When handling a list of elements, it is recommended to store the scraped data in a list of dictionaries. In Python, a dictionary is an unordered collection of key-value pairs, and you can use it as follows:

python Copy

# the list of dictionaries containing the
  # scrape data
  pokemon_products = []

  for product_element in product_elements:
    product_name = product_element.find("h2").get_text()
    product_url = product_element.find("a")["href"]
    product_image = product_element.find("img")["src"]
    product_price = product_element.select_one(".amount").get_text()

    # define a dictionary with the scraped data
    new_pokemon_product = {
      "name": product_name,
      "url": product_url,
      "image": product_image,
      "price": product_price
    }
    # add the new product dictionary to the list
    pokemon_products.append(new_pokemon_product)

  # print the list of dictionaries
  print(pokemon_products)

You now have a list called pokemon_products that contains all the information scraped from each individual product on the page.

Fantastic! You now have all the building blocks you need to build a data scraper using Beautiful Soup in Python. But let's keep moving forward; the tutorial is not over yet!

Step 5. Exporting the scraped data

Retrieving web page content is often the first step in a larger process. The next step is to use the scraped information for different needs and purposes. Therefore, it is crucial to convert it into a format that is easy to read and explore, such as CSV or JSON.

You have found the product information in the pokemon_products list provided earlier. Now, let's learn how to convert it into a new format and export it to a file in Python!

Exporting as CSV

CSV is a popular format for data exchange, storage, and analysis, especially when dealing with large datasets. CSV files store information in a tabular form, with values separated by commas. This makes it compatible with spreadsheet programs like Microsoft Excel.

Here's how you can convert a list of dictionaries into a CSV file in Python:

python Copy

import csv

# scraping logic...

# write the scraped data to a CSV file
csv_file = open("pokemon_products.csv", "w", encoding="utf-8", newline="")

# create a CSV writer object
writer = csv.writer(csv_file)

# convert each element of the list to a row in the CSV file
for pokemon_product in pokemon_products:
writer.writerow(pokemon_product.values())

# release the resources
csv_file.close()

Exporting as JSON

JSON is a lightweight, versatile, and popular data interchange format, especially in web applications. It is commonly used to transfer information between servers or between clients and servers through APIs. Many programming languages support it.
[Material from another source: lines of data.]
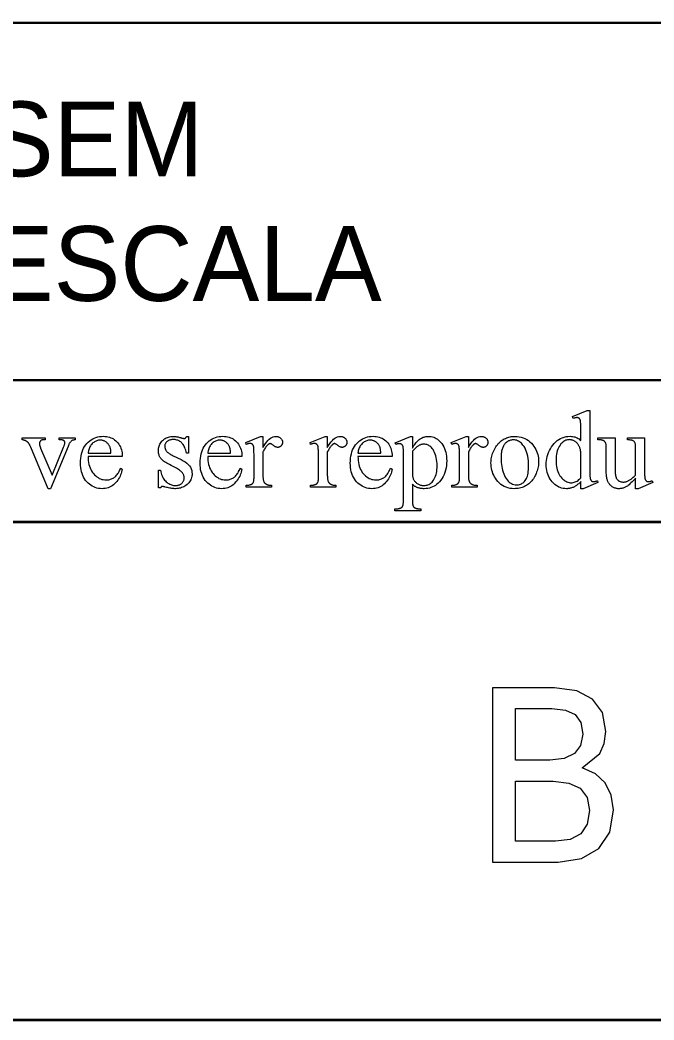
# Model space of a CAD drawing. Extents: x 0 to 297, y 0 to 210.
# Drawn here: x 179.79 to 192.5, y 0 to 20.07 of the extents above; entities that cross this region are included whole.
import ezdxf

# ---------------------------------------------------------------- set-up
doc = ezdxf.new("R2010")
doc.units = 0

msp = doc.modelspace()

# ---------------------------------------------------------------- linework, layer by layer
at = {"color": 7, "lineweight": 35}
for p, q in [((162, 20), (286.882111, 20.066713)), ((162, 12.832358), (286.882111, 12.899072)), ((10, 10), (287, 10)), ((97, 10), (287, 10)), ((296.999512, 0.000561), (0.00002, 0.000561))]:
    msp.add_line(p, q, dxfattribs=at)
at = {"color": 7, "lineweight": 13}
for points in [[(191.033966, 10.803456), (191.019516, 10.788743), (191.005112, 10.774884), (190.990784, 10.76188), (190.976517, 10.749729), (190.962326, 10.738433), (190.948181, 10.727992), (190.934113, 10.718405), (190.92012, 10.709672), (190.906174, 10.701793), (190.892303, 10.694769), (190.878342, 10.688501), (190.864182, 10.682895), (190.849792, 10.677947), (190.83519, 10.673658), (190.820374, 10.670031), (190.805344, 10.667062), (190.7901, 10.664753), (190.774628, 10.663103), (190.758957, 10.662114), (190.743057, 10.661784), (190.711029, 10.663141), (190.67981, 10.667213), (190.649414, 10.673999), (190.619858, 10.6835), (190.59111, 10.695715), (190.563187, 10.710645), (190.536087, 10.728289), (190.509796, 10.748648), (190.484344, 10.771721), (190.459717, 10.797508), (190.436691, 10.825427), (190.416107, 10.854892), (190.397934, 10.885902), (190.382187, 10.91846), (190.368866, 10.952564), (190.357971, 10.988215), (190.349487, 11.025413), (190.34343, 11.064156), (190.339798, 11.104446), (190.338593, 11.146283), (190.33992, 11.188531), (190.343948, 11.230054), (190.350647, 11.270852), (190.360046, 11.310926), (190.372116, 11.350275), (190.386856, 11.3889), (190.404297, 11.4268), (190.424408, 11.463976), (190.447205, 11.500427), (190.472687, 11.536153), (190.500275, 11.569749), (190.529404, 11.599809), (190.560059, 11.626331), (190.592255, 11.649319), (190.625992, 11.668769), (190.661255, 11.684683), (190.698059, 11.69706), (190.736389, 11.705901), (190.776276, 11.711205), (190.817673, 11.712974), (190.843399, 11.712141), (190.868195, 11.709642), (190.892105, 11.705479), (190.9151, 11.69965), (190.93718, 11.692156), (190.958359, 11.682995), (190.978622, 11.67217), (190.997986, 11.659678), (191.016434, 11.645522), (191.033966, 11.629701), (191.033966, 11.812469), (191.03389, 11.845119), (191.033646, 11.875151), (191.033234, 11.902566), (191.032669, 11.927364), (191.031937, 11.949545), (191.031052, 11.96911), (191.029999, 11.986055), (191.028778, 12.000385), (191.027405, 12.012097), (191.025864, 12.021193), (191.024139, 12.02873), (191.022247, 12.035771), (191.020172, 12.042314), (191.017899, 12.048359), (191.015442, 12.053907), (191.012817, 12.058958), (191.009995, 12.063511), (191.007004, 12.067566), (191.003815, 12.071124), (191.000443, 12.074184), (190.996902, 12.076856), (190.993179, 12.079247), (190.989288, 12.081355), (190.985214, 12.083182), (190.980972, 12.084729), (190.976563, 12.085995), (190.971985, 12.086979), (190.967224, 12.087682), (190.962296, 12.088103), (190.957184, 12.088243), (190.951385, 12.088071), (190.945206, 12.087552), (190.93866, 12.086687), (190.931747, 12.085476), (190.924469, 12.083918), (190.916824, 12.082015), (190.908813, 12.079765), (190.900421, 12.077169), (190.891678, 12.074228), (190.882568, 12.07094), (190.8685, 12.108792), (191.163742, 12.229917), (191.212418, 12.229917), (191.212418, 11.08464), (191.212494, 11.051173), (191.212738, 11.020421), (191.21315, 10.992384), (191.213715, 10.967062), (191.214447, 10.944453), (191.215332, 10.92456), (191.216385, 10.907381), (191.217606, 10.892916), (191.218979, 10.881166), (191.22052, 10.87213), (191.222244, 10.864684), (191.224152, 10.857703), (191.226273, 10.851188), (191.228577, 10.845137), (191.231064, 10.839551), (191.233765, 10.83443), (191.236649, 10.829774), (191.239731, 10.825583), (191.243011, 10.821858), (191.246475, 10.818598), (191.250107, 10.815721), (191.25386, 10.813147), (191.257721, 10.810876), (191.261703, 10.808908), (191.265808, 10.807241), (191.270035, 10.80588), (191.274384, 10.804819), (191.278839, 10.804062), (191.283417, 10.803608), (191.288116, 10.803456), (191.294159, 10.80364), (191.300568, 10.804193), (191.307388, 10.805111), (191.31459, 10.806398), (191.322174, 10.808053), (191.33017, 10.810076), (191.338531, 10.812466), (191.34729, 10.815223), (191.356445, 10.818349), (191.365982, 10.821842), (191.377884, 10.78399), (191.08371, 10.661784), (191.033966, 10.661784)], [(179.829926, 11.682693), (180.296051, 11.682693), (180.296051, 11.642678), (180.265762, 11.642678), (180.257538, 11.642472), (180.249695, 11.641856), (180.242264, 11.640829), (180.235229, 11.63939), (180.228592, 11.637541), (180.222351, 11.635281), (180.216522, 11.632609), (180.21109, 11.629527), (180.206055, 11.626034), (180.201416, 11.62213), (180.197205, 11.61788), (180.193436, 11.613348), (180.190109, 11.608536), (180.187225, 11.603442), (180.184784, 11.598067), (180.1828, 11.592411), (180.181244, 11.586473), (180.18013, 11.580256), (180.179474, 11.573756), (180.179245, 11.566975), (180.179474, 11.559264), (180.180161, 11.551272), (180.18129, 11.542999), (180.182877, 11.534445), (180.184921, 11.525609), (180.187424, 11.516492), (180.190369, 11.507094), (180.193787, 11.497415), (180.197647, 11.487454), (180.201965, 11.477213), (180.432312, 10.929989), (180.663742, 11.497761), (180.668472, 11.509582), (180.672699, 11.520818), (180.676437, 11.53147), (180.679672, 11.541539), (180.682404, 11.551023), (180.684647, 11.559924), (180.686386, 11.56824), (180.687622, 11.575973), (180.68837, 11.583121), (180.688629, 11.589686), (180.688538, 11.59266), (180.688278, 11.595526), (180.687836, 11.598284), (180.687241, 11.600933), (180.686462, 11.603475), (180.685501, 11.605908), (180.684387, 11.608233), (180.68309, 11.61045), (180.68161, 11.612559), (180.679962, 11.61456), (180.677521, 11.617702), (180.674957, 11.620638), (180.672241, 11.623368), (180.669418, 11.625894), (180.666443, 11.628213), (180.663361, 11.630327), (180.660141, 11.632236), (180.656784, 11.63394), (180.653305, 11.635438), (180.649689, 11.63673), (180.64563, 11.63786), (180.640823, 11.638871), (180.635254, 11.639764), (180.628922, 11.640536), (180.621841, 11.641191), (180.613998, 11.641726), (180.605408, 11.642142), (180.596039, 11.64244), (180.585938, 11.642618), (180.575073, 11.642678), (180.575073, 11.682693), (180.898422, 11.682693), (180.898422, 11.642678), (180.887527, 11.641672), (180.877319, 11.640386), (180.867798, 11.638817), (180.858978, 11.636968), (180.850845, 11.634837), (180.843399, 11.632425), (180.836655, 11.629733), (180.830597, 11.626759), (180.825226, 11.623504), (180.820557, 11.619967), (180.813065, 11.613046), (180.805725, 11.605259), (180.798523, 11.596607), (180.791489, 11.58709), (180.784607, 11.576708), (180.777863, 11.565461), (180.771271, 11.553349), (180.764847, 11.540371), (180.75856, 11.526528), (180.752426, 11.51182), (180.400955, 10.661784), (180.356613, 10.661784), (180.00296, 11.497761), (179.99823, 11.509111), (179.99353, 11.519801), (179.988892, 11.529832), (179.984283, 11.539203), (179.979721, 11.547915), (179.975189, 11.555965), (179.970718, 11.563357), (179.966278, 11.570089), (179.961899, 11.576162), (179.95755, 11.581575), (179.953094, 11.586576), (179.948425, 11.591416), (179.943497, 11.596094), (179.938339, 11.600609), (179.932938, 11.604961), (179.927307, 11.609153), (179.921432, 11.613181), (179.915329, 11.617047), (179.908981, 11.620751), (179.90239, 11.624293), (179.898361, 11.626229), (179.893616, 11.628143), (179.888153, 11.630035), (179.881973, 11.631907), (179.875092, 11.633756), (179.867477, 11.635584), (179.859161, 11.637389), (179.850128, 11.639174), (179.840393, 11.640937), (179.829926, 11.642678)], [(181.154739, 11.309585), (181.155609, 11.266413), (181.158676, 11.225143), (181.16391, 11.185779), (181.171341, 11.148316), (181.180954, 11.112758), (181.192764, 11.079102), (181.206741, 11.04735), (181.222916, 11.017502), (181.241257, 10.989556), (181.261795, 10.963514), (181.283813, 10.939679), (181.30658, 10.918352), (181.330093, 10.899534), (181.35437, 10.883226), (181.37941, 10.869427), (181.405197, 10.858136), (181.431747, 10.849355), (181.459061, 10.843081), (181.487122, 10.839318), (181.515945, 10.838064), (181.535156, 10.838599), (181.553864, 10.840205), (181.572052, 10.842882), (181.589752, 10.846629), (181.606918, 10.851447), (181.623596, 10.857336), (181.639755, 10.864295), (181.655411, 10.872325), (181.670563, 10.881425), (181.685196, 10.891597), (181.699341, 10.903066), (181.713028, 10.916059), (181.726257, 10.930578), (181.739014, 10.946622), (181.751297, 10.96419), (181.763123, 10.983284), (181.77449, 11.003901), (181.785385, 11.026045), (181.795807, 11.049713), (181.805786, 11.074905), (181.83931, 11.053276), (181.833893, 11.02391), (181.826767, 10.995071), (181.817886, 10.966764), (181.807297, 10.938987), (181.794968, 10.911739), (181.780914, 10.885021), (181.765121, 10.858833), (181.747589, 10.833176), (181.728348, 10.808047), (181.707367, 10.783449), (181.684967, 10.760333), (181.661469, 10.73965), (181.636871, 10.7214), (181.61116, 10.705584), (181.584351, 10.692201), (181.556442, 10.681251), (181.52742, 10.672734), (181.497299, 10.666651), (181.46608, 10.663001), (181.433746, 10.661784), (181.398575, 10.663174), (181.364441, 10.667343), (181.331314, 10.674292), (181.299225, 10.684019), (181.268158, 10.696527), (181.238113, 10.711813), (181.209106, 10.729878), (181.181122, 10.750724), (181.154175, 10.774349), (181.128235, 10.800753), (181.104095, 10.829504), (181.082489, 10.860169), (181.063431, 10.892748), (181.046906, 10.927242), (181.032928, 10.96365), (181.0215, 11.001971), (181.012604, 11.042208), (181.006256, 11.084358), (181.002441, 11.128423), (181.00116, 11.174401), (181.002472, 11.224111), (181.006378, 11.271583), (181.012894, 11.316814), (181.022018, 11.359809), (181.033752, 11.400564), (181.04808, 11.43908), (181.065018, 11.475358), (181.084564, 11.509398), (181.10672, 11.541198), (181.131485, 11.570761), (181.158203, 11.597781), (181.186264, 11.621957), (181.215668, 11.643289), (181.246384, 11.661777), (181.278427, 11.677421), (181.311813, 11.69022), (181.346512, 11.700174), (181.382553, 11.707285), (181.419922, 11.711552), (181.458633, 11.712974), (181.491348, 11.711876), (181.522873, 11.708583), (181.553207, 11.703094), (181.582352, 11.695411), (181.610306, 11.685532), (181.63707, 11.673457), (181.662643, 11.659186), (181.687042, 11.642721), (181.710236, 11.624061), (181.732239, 11.603205), (181.752579, 11.58051), (181.770782, 11.556334), (181.78685, 11.530676), (181.800766, 11.503536), (181.812546, 11.474915), (181.822174, 11.444812), (181.829666, 11.413228), (181.835022, 11.380162), (181.838226, 11.345614), (181.83931, 11.309585)], [(183.165192, 11.711892), (183.165192, 11.374474), (183.129501, 11.374474), (183.121048, 11.405252), (183.112137, 11.433997), (183.102753, 11.46071), (183.092896, 11.485389), (183.082596, 11.508035), (183.071808, 11.528647), (183.060577, 11.547228), (183.048859, 11.563774), (183.036697, 11.578287), (183.024063, 11.590768), (183.010834, 11.601658), (182.996918, 11.611402), (182.982285, 11.62), (182.966949, 11.627451), (182.950928, 11.633756), (182.934189, 11.638914), (182.916748, 11.642927), (182.898605, 11.645793), (182.879761, 11.647512), (182.860214, 11.648086), (182.845367, 11.647685), (182.8311, 11.646484), (182.817413, 11.644484), (182.804321, 11.641684), (182.791809, 11.638082), (182.779877, 11.63368), (182.768539, 11.628478), (182.757782, 11.622477), (182.747604, 11.615674), (182.738007, 11.608071), (182.729172, 11.599981), (182.721268, 11.591719), (182.714294, 11.583283), (182.708252, 11.574676), (182.703125, 11.565893), (182.698944, 11.556939), (182.695694, 11.547812), (182.693359, 11.53851), (182.691971, 11.529037), (182.691498, 11.51939), (182.691849, 11.507451), (182.692886, 11.495857), (182.694626, 11.484611), (182.697037, 11.473709), (182.700165, 11.463154), (182.703964, 11.452945), (182.708466, 11.443082), (182.713654, 11.433565), (182.719543, 11.424394), (182.726105, 11.415569), (182.733505, 11.406647), (182.742294, 11.397616), (182.752457, 11.388478), (182.764008, 11.379231), (182.776947, 11.369877), (182.79126, 11.360415), (182.806961, 11.350843), (182.824051, 11.341164), (182.842529, 11.331377), (182.862381, 11.321482), (183.020264, 11.244697), (183.061981, 11.222603), (183.099304, 11.199145), (183.132233, 11.174326), (183.160782, 11.148143), (183.184921, 11.120598), (183.204681, 11.09169), (183.220047, 11.061419), (183.231033, 11.029787), (183.23761, 10.996791), (183.239807, 10.962433), (183.238785, 10.935921), (183.235718, 10.910458), (183.230606, 10.886044), (183.223465, 10.862679), (183.214264, 10.840362), (183.203018, 10.819095), (183.189728, 10.798877), (183.174408, 10.779708), (183.157028, 10.761587), (183.137604, 10.744516), (183.116928, 10.728797), (183.095764, 10.714733), (183.074097, 10.702323), (183.051956, 10.691567), (183.029327, 10.682467), (183.00621, 10.675021), (182.982605, 10.66923), (182.958527, 10.665093), (182.933945, 10.662611), (182.908875, 10.661784), (182.890457, 10.662108), (182.871506, 10.663082), (182.852036, 10.664704), (182.832062, 10.666975), (182.811554, 10.669895), (182.790527, 10.673464), (182.768982, 10.677682), (182.746918, 10.682549), (182.724335, 10.688064), (182.701233, 10.694228), (182.694229, 10.696283), (182.687485, 10.698121), (182.681, 10.699743), (182.674759, 10.70115), (182.668793, 10.702339), (182.663086, 10.703313), (182.657639, 10.704069), (182.652435, 10.70461), (182.647507, 10.704935), (182.642838, 10.705043), (182.63797, 10.704762), (182.633316, 10.703918), (182.628891, 10.702512), (182.624664, 10.700544), (182.620667, 10.698013), (182.616882, 10.694921), (182.613312, 10.691265), (182.609955, 10.687047), (182.606827, 10.682267), (182.603912, 10.676925), (182.568222, 10.676925), (182.568222, 11.030565), (182.603912, 11.030565), (182.610504, 11.001031), (182.618225, 10.972988), (182.627045, 10.946438), (182.636963, 10.92138), (182.64798, 10.897815), (182.660095, 10.875742), (182.673325, 10.855162), (182.687653, 10.836074), (182.703094, 10.818479), (182.71962, 10.802375), (182.736908, 10.787786), (182.754623, 10.774733), (182.772736, 10.763215), (182.79126, 10.753233), (182.810196, 10.744787), (182.829544, 10.737876), (182.849304, 10.732501), (182.869476, 10.728662), (182.890045, 10.726358), (182.911041, 10.725591), (182.92569, 10.726028), (182.939789, 10.727343), (182.953339, 10.729533), (182.966324, 10.732598), (182.978775, 10.736541), (182.990662, 10.741359), (183.001999, 10.747052), (183.012787, 10.753623), (183.023026, 10.761068), (183.032715, 10.76939), (183.041641, 10.778329), (183.049652, 10.787624), (183.056702, 10.797276), (183.06282, 10.807285), (183.067993, 10.817651), (183.07222, 10.828374), (183.075516, 10.839454), (183.077866, 10.85089), (183.079285, 10.862683), (183.079758, 10.874834), (183.079224, 10.889521), (183.077652, 10.90373), (183.075027, 10.917465), (183.071365, 10.930724), (183.066635, 10.943507), (183.060867, 10.955814), (183.054047, 10.967646), (183.046188, 10.979001), (183.037262, 10.989881), (183.027298, 11.000284), (183.015762, 11.01072), (183.002151, 11.021698), (182.986435, 11.033216), (182.968643, 11.045274), (182.948761, 11.057873), (182.926788, 11.071012), (182.902725, 11.084693), (182.876587, 11.098914), (182.848358, 11.113677), (182.818039, 11.12898), (182.78775, 11.144402), (182.759644, 11.15952), (182.733688, 11.174336), (182.709885, 11.188849), (182.688263, 11.20306), (182.668793, 11.216968), (182.651489, 11.230573), (182.636353, 11.243875), (182.623367, 11.256874), (182.612549, 11.26957), (182.603302, 11.282224), (182.595032, 11.295526), (182.587738, 11.309477), (182.581406, 11.324077), (182.57605, 11.339326), (182.571671, 11.355223), (182.568268, 11.37177), (182.565842, 11.388965), (182.564377, 11.406809), (182.563889, 11.425303), (182.564728, 11.449344), (182.567245, 11.472585), (182.571442, 11.495025), (182.577301, 11.516665), (182.584839, 11.537505), (182.59407, 11.557545), (182.604965, 11.576784), (182.617523, 11.595223), (182.631775, 11.612862), (182.647705, 11.629701), (182.664963, 11.645317), (182.683197, 11.659289), (182.702423, 11.671618), (182.722626, 11.682303), (182.74382, 11.691344), (182.765991, 11.698742), (182.789154, 11.704494), (182.813293, 11.708605), (182.838425, 11.71107), (182.864532, 11.711892), (182.876465, 11.711643), (182.888901, 11.710897), (182.901825, 11.709654), (182.915237, 11.707912), (182.929153, 11.705673), (182.943573, 11.702938), (182.958481, 11.699704), (182.973892, 11.695972), (182.989807, 11.691744), (183.00621, 11.687018), (183.016876, 11.683936), (183.026794, 11.681178), (183.035995, 11.678745), (183.044449, 11.676636), (183.05217, 11.674851), (183.059158, 11.673391), (183.065414, 11.672256), (183.070923, 11.671445), (183.075714, 11.670959), (183.079758, 11.670796), (183.083145, 11.670872), (183.086365, 11.671099), (183.089447, 11.671477), (183.092377, 11.672008), (183.095169, 11.672688), (183.097794, 11.673522), (183.100266, 11.674505), (183.1026, 11.675641), (183.104767, 11.676929), (183.106781, 11.678367), (183.108765, 11.680064), (183.110809, 11.68213), (183.112915, 11.684564), (183.115097, 11.687365), (183.11734, 11.690533), (183.119644, 11.69407), (183.122009, 11.697973), (183.124435, 11.702246), (183.126938, 11.706885), (183.129501, 11.711892)], [(183.553436, 11.309585), (183.554321, 11.266413), (183.557373, 11.225143), (183.562622, 11.185779), (183.570053, 11.148316), (183.579666, 11.112758), (183.591461, 11.079102), (183.605438, 11.04735), (183.621613, 11.017502), (183.639969, 10.989556), (183.660507, 10.963514), (183.68251, 10.939679), (183.705276, 10.918352), (183.72879, 10.899534), (183.753082, 10.883226), (183.778107, 10.869427), (183.803909, 10.858136), (183.83046, 10.849355), (183.857758, 10.843081), (183.885834, 10.839318), (183.914642, 10.838064), (183.933868, 10.838599), (183.95256, 10.840205), (183.970764, 10.842882), (183.988449, 10.846629), (184.00563, 10.851447), (184.022293, 10.857336), (184.038452, 10.864295), (184.054108, 10.872325), (184.06926, 10.881425), (184.083893, 10.891597), (184.098053, 10.903066), (184.11174, 10.916059), (184.124954, 10.930578), (184.137711, 10.946622), (184.150009, 10.96419), (184.161835, 10.983284), (184.173187, 11.003901), (184.184082, 11.026045), (184.194519, 11.049713), (184.204483, 11.074905), (184.238007, 11.053276), (184.232605, 11.02391), (184.225464, 10.995071), (184.216599, 10.966764), (184.205994, 10.938987), (184.193665, 10.911739), (184.179611, 10.885021), (184.163818, 10.858833), (184.146301, 10.833176), (184.127045, 10.808047), (184.106064, 10.783449), (184.083664, 10.760333), (184.060165, 10.73965), (184.035568, 10.7214), (184.009857, 10.705584), (183.983047, 10.692201), (183.955139, 10.681251), (183.926117, 10.672734), (183.895996, 10.666651), (183.864777, 10.663001), (183.832458, 10.661784), (183.797287, 10.663174), (183.763138, 10.667343), (183.730011, 10.674292), (183.697922, 10.684019), (183.666855, 10.696527), (183.63681, 10.711813), (183.607803, 10.729878), (183.579819, 10.750724), (183.552872, 10.774349), (183.526947, 10.800753), (183.502792, 10.829504), (183.481201, 10.860169), (183.462128, 10.892748), (183.445618, 10.927242), (183.431641, 10.96365), (183.420197, 11.001971), (183.411301, 11.042208), (183.404953, 11.084358), (183.401138, 11.128423), (183.399872, 11.174401), (183.401169, 11.224111), (183.405075, 11.271583), (183.411591, 11.316814), (183.420715, 11.359809), (183.432449, 11.400564), (183.446777, 11.43908), (183.46373, 11.475358), (183.483276, 11.509398), (183.505432, 11.541198), (183.530182, 11.570761), (183.556915, 11.597781), (183.584976, 11.621957), (183.614365, 11.643289), (183.645081, 11.661777), (183.677124, 11.677421), (183.71051, 11.69022), (183.745224, 11.700174), (183.781265, 11.707285), (183.818634, 11.711552), (183.85733, 11.712974), (183.890045, 11.711876), (183.92157, 11.708583), (183.951904, 11.703094), (183.981049, 11.695411), (184.009003, 11.685532), (184.035767, 11.673457), (184.061356, 11.659186), (184.085739, 11.642721), (184.108932, 11.624061), (184.130936, 11.603205), (184.151291, 11.58051), (184.169495, 11.556334), (184.185547, 11.530676), (184.199463, 11.503536), (184.211243, 11.474915), (184.220871, 11.444812), (184.228378, 11.413228), (184.233719, 11.380162), (184.236938, 11.345614), (184.238007, 11.309585)], [(184.65979, 11.711892), (184.65979, 11.489109), (184.684723, 11.531438), (184.709793, 11.569311), (184.734985, 11.602729), (184.760315, 11.63169), (184.785767, 11.656197), (184.811356, 11.676247), (184.837082, 11.691842), (184.86293, 11.702981), (184.888901, 11.709664), (184.915009, 11.711892), (184.926697, 11.71153), (184.937973, 11.710443), (184.948853, 11.708632), (184.959305, 11.706096), (184.96936, 11.702835), (184.978989, 11.69885), (184.98822, 11.694139), (184.997025, 11.688705), (185.005432, 11.682547), (185.013428, 11.675663), (185.020813, 11.668303), (185.027435, 11.660717), (185.033279, 11.652904), (185.03833, 11.644862), (185.042618, 11.636595), (185.046127, 11.628099), (185.048859, 11.619378), (185.050797, 11.610429), (185.051971, 11.601253), (185.052353, 11.591849), (185.052078, 11.583543), (185.051239, 11.575497), (185.04982, 11.567711), (185.047852, 11.560184), (185.045319, 11.552916), (185.042236, 11.545908), (185.038574, 11.53916), (185.034363, 11.532671), (185.029572, 11.526442), (185.024231, 11.520472), (185.018509, 11.514924), (185.012558, 11.50996), (185.006393, 11.50558), (185.000015, 11.501784), (184.993408, 11.498572), (184.986603, 11.495944), (184.979568, 11.4939), (184.972321, 11.49244), (184.964859, 11.491564), (184.957184, 11.491272), (184.949524, 11.491645), (184.941681, 11.492764), (184.933655, 11.49463), (184.92543, 11.497242), (184.917038, 11.5006), (184.908447, 11.504704), (184.899689, 11.509554), (184.890747, 11.515151), (184.881607, 11.521494), (184.872284, 11.528583), (184.863129, 11.535672), (184.854446, 11.542015), (184.846252, 11.547611), (184.838547, 11.552462), (184.831329, 11.556566), (184.8246, 11.559924), (184.818359, 11.562535), (184.812592, 11.564402), (184.807327, 11.56552), (184.802536, 11.565893), (184.798615, 11.565678), (184.794617, 11.565028), (184.790558, 11.563947), (184.786438, 11.562433), (184.782257, 11.560486), (184.778015, 11.558107), (184.773697, 11.555295), (184.769318, 11.552051), (184.764862, 11.548374), (184.760361, 11.544264), (184.750595, 11.534823), (184.740768, 11.524236), (184.730865, 11.512502), (184.720901, 11.499621), (184.710876, 11.485595), (184.70079, 11.470421), (184.690643, 11.454102), (184.68042, 11.436636), (184.670135, 11.418024), (184.65979, 11.398266), (184.65979, 10.9235), (184.659988, 10.907462), (184.660599, 10.892224), (184.661636, 10.877787), (184.663071, 10.864149), (184.664917, 10.851312), (184.667175, 10.839275), (184.669846, 10.828038), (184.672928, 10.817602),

Here's the code to export the list of dictionaries as JSON in Python:

python Copy

import json

# scraping logic...

# create the pokemon_products.json
json_file = open("pokemon_products.json", "w")

# convert pokemon_products to JSON
# and write it into the JSON output file
json.dump(pokemon_products, json_file)

# release the file resources
json_file.close()

The export logic mentioned above revolves around the json.dump() function, which comes from Python's standard json module and allows you to write Python objects into a JSON formatted file.

json.dump() takes two parameters:

The Python object to be converted into JSON format.
The file object initialized with the location where the JSON data will be written, using the open() function.

After completing all the steps mentioned above, you can navigate to the folder where your code is located and you will find that the CSV and JSON files you scraped and exported have been created!